EXERCISE OBJECTIVE - Among the lines below, copy exactly those from the one with "undefined symbols (not" through the one with "Bus Selector1 : BusSelector", counting both ends.

SUPPLIED MATERIAL -
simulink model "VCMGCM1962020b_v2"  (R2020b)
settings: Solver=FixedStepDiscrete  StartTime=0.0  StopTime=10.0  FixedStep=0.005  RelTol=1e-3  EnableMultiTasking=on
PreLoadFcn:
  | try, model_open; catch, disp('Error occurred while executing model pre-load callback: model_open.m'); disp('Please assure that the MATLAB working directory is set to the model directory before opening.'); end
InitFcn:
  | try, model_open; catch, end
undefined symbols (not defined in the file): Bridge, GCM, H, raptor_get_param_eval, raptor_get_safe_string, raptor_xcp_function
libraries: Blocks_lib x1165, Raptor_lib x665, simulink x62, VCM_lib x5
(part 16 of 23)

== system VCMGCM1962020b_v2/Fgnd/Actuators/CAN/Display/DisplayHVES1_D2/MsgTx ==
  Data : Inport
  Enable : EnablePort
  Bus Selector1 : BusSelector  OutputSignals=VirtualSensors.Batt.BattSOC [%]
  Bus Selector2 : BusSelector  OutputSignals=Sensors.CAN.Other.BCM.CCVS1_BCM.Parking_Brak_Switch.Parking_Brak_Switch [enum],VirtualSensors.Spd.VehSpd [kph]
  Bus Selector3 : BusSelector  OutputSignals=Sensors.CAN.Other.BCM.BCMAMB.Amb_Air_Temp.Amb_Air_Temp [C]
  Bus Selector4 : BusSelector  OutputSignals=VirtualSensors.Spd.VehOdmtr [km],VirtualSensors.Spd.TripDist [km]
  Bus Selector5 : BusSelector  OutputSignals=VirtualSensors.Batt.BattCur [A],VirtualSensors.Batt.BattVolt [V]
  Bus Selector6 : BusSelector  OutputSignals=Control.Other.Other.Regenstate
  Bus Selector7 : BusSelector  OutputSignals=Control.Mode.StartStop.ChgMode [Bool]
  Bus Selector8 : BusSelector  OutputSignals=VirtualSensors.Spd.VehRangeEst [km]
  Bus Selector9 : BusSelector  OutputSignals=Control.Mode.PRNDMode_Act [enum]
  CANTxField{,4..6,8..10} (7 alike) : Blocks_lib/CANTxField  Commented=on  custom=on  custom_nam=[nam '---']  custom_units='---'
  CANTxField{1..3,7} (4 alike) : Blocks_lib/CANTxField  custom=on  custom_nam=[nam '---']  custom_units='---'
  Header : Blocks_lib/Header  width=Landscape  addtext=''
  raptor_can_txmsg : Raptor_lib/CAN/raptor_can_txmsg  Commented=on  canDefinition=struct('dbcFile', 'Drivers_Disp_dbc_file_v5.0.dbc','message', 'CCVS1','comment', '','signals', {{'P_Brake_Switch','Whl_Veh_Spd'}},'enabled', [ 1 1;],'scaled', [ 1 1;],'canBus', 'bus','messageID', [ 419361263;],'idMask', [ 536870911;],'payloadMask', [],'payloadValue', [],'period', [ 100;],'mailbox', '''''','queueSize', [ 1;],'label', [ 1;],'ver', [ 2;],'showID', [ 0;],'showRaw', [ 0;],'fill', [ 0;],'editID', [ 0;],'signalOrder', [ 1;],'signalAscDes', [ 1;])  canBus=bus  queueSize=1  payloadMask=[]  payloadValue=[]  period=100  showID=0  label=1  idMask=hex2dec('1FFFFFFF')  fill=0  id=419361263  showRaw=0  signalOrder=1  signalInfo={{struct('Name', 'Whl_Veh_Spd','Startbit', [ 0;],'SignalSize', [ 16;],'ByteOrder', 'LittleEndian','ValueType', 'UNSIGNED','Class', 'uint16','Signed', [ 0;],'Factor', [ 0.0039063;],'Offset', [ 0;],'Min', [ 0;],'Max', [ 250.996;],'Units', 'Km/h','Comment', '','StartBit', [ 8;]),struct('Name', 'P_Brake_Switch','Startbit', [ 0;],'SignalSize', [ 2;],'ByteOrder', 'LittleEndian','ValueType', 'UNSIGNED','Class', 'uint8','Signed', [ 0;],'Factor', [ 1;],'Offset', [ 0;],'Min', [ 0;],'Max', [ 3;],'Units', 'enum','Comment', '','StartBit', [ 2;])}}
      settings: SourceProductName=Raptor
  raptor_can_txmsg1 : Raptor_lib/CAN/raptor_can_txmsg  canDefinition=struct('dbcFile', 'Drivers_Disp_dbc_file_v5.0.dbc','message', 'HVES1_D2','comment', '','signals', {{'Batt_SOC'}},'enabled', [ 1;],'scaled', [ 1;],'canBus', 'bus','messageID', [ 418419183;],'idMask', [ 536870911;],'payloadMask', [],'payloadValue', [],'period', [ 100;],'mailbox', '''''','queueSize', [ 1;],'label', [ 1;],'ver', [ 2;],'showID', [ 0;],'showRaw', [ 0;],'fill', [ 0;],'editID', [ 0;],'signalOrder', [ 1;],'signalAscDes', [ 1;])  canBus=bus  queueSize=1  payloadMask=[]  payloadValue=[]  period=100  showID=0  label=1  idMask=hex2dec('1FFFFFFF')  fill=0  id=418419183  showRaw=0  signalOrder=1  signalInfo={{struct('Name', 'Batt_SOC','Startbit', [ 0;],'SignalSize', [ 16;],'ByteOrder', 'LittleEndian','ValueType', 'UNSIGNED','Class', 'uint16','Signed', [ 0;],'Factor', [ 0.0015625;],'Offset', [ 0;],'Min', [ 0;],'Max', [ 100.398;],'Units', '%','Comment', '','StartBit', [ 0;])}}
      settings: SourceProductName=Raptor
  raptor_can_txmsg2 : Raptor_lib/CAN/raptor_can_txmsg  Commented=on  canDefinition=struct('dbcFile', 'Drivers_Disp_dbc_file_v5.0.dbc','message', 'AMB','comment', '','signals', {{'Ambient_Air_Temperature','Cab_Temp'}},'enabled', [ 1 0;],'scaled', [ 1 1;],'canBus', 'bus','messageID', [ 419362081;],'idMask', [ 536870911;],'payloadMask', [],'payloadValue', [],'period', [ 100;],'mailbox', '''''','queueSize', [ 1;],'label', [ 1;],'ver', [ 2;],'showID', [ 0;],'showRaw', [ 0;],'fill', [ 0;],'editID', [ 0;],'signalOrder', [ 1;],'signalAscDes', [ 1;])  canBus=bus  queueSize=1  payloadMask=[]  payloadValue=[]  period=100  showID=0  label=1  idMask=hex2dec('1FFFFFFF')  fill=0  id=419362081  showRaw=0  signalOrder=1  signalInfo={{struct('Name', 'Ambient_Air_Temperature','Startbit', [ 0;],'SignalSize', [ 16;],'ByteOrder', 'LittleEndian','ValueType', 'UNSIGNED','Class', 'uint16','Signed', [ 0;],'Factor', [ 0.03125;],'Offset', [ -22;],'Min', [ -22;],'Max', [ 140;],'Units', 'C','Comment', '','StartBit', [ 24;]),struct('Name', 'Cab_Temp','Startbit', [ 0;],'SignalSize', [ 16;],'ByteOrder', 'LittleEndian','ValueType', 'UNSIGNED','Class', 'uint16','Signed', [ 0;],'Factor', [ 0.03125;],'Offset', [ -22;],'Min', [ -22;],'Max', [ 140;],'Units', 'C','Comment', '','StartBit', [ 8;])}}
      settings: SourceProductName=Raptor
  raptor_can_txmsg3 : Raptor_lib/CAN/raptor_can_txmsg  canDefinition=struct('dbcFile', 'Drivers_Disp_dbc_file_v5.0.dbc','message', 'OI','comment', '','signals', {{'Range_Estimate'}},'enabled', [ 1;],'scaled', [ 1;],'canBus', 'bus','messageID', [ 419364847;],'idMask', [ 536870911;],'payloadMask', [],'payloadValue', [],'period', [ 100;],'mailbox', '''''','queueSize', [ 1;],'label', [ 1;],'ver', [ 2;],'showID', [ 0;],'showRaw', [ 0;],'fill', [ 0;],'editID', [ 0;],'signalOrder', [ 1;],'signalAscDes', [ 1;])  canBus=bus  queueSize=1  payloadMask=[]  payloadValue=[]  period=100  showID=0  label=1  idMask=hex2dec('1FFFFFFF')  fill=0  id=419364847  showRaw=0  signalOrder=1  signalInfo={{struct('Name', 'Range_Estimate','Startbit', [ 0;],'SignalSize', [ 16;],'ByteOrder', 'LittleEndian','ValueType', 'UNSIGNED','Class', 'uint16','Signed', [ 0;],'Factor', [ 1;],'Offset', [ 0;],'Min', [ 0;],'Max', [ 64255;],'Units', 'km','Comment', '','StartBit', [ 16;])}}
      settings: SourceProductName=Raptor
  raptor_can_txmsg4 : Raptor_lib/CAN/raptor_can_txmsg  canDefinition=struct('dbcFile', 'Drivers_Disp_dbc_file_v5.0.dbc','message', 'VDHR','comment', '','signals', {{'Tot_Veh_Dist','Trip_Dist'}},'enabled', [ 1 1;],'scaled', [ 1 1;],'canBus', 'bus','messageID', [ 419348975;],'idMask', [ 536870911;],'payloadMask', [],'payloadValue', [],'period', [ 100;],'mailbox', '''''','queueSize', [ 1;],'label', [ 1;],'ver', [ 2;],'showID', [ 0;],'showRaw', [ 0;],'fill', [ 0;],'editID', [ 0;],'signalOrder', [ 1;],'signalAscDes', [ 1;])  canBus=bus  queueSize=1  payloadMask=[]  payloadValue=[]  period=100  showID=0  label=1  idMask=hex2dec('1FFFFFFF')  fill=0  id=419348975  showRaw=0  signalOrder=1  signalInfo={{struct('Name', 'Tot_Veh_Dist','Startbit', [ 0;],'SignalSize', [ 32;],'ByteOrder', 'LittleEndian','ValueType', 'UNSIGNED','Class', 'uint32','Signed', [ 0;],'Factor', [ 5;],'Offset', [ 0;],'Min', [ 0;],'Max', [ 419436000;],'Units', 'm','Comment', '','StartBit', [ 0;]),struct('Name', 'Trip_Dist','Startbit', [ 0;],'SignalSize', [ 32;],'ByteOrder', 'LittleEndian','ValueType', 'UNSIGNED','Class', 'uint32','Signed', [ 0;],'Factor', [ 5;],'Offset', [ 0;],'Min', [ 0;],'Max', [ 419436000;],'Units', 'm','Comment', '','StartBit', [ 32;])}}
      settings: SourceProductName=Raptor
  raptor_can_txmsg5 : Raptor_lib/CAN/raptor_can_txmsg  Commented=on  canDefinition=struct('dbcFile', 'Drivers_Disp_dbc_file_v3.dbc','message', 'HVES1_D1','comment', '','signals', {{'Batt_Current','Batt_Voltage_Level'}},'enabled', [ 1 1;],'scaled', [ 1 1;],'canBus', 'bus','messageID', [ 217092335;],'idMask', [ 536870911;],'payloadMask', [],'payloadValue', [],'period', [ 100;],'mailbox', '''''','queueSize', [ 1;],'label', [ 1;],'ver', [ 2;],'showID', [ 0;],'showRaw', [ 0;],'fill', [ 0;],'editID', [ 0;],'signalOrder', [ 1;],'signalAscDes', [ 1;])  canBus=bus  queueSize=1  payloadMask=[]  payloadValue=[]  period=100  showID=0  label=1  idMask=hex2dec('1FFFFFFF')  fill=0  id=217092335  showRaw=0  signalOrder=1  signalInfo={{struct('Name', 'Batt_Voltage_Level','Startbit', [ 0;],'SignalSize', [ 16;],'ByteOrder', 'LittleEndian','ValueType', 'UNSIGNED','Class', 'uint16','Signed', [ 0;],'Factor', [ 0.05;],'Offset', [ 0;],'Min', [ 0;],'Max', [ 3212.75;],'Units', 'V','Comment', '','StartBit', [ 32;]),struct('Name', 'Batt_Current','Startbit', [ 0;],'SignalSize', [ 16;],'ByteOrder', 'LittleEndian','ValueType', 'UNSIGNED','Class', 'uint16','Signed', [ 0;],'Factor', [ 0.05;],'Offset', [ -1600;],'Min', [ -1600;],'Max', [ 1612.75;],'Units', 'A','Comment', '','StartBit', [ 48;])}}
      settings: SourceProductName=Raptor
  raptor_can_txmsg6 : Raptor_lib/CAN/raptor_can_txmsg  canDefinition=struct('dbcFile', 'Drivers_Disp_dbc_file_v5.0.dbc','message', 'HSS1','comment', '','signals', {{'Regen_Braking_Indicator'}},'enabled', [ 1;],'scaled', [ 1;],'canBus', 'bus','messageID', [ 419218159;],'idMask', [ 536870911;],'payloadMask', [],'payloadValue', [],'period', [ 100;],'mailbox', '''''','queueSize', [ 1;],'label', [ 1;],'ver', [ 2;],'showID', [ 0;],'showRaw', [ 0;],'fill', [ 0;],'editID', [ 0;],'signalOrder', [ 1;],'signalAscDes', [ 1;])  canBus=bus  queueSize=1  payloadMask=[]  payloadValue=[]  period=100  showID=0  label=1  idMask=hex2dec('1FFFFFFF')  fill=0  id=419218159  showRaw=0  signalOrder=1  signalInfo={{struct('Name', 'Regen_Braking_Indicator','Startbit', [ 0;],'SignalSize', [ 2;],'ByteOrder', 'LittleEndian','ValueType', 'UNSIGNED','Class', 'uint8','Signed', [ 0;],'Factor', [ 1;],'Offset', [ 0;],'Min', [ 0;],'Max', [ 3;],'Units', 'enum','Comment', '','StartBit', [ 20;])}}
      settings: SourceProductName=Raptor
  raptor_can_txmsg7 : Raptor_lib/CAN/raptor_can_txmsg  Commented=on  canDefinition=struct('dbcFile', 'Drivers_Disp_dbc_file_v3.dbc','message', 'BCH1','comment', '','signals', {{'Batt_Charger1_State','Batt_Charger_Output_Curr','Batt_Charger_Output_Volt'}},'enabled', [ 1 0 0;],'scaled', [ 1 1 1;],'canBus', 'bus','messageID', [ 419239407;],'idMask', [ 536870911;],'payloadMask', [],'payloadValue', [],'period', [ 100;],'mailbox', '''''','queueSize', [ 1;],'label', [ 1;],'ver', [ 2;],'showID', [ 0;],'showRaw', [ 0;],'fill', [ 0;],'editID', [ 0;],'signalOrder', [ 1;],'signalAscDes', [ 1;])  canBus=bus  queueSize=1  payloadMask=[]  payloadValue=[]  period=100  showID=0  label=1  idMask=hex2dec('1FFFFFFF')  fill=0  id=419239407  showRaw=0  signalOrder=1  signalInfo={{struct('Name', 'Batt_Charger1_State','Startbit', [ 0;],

RESPONSE -
undefined symbols (not defined in the file): Bridge, GCM, H, raptor_get_param_eval, raptor_get_safe_string, raptor_xcp_function
libraries: Blocks_lib x1165, Raptor_lib x665, simulink x62, VCM_lib x5
(part 16 of 23)

== system VCMGCM1962020b_v2/Fgnd/Actuators/CAN/Display/DisplayHVES1_D2/MsgTx ==
  Data : Inport
  Enable : EnablePort
  Bus Selector1 : BusSelector  OutputSignals=VirtualSensors.Batt.BattSOC [%]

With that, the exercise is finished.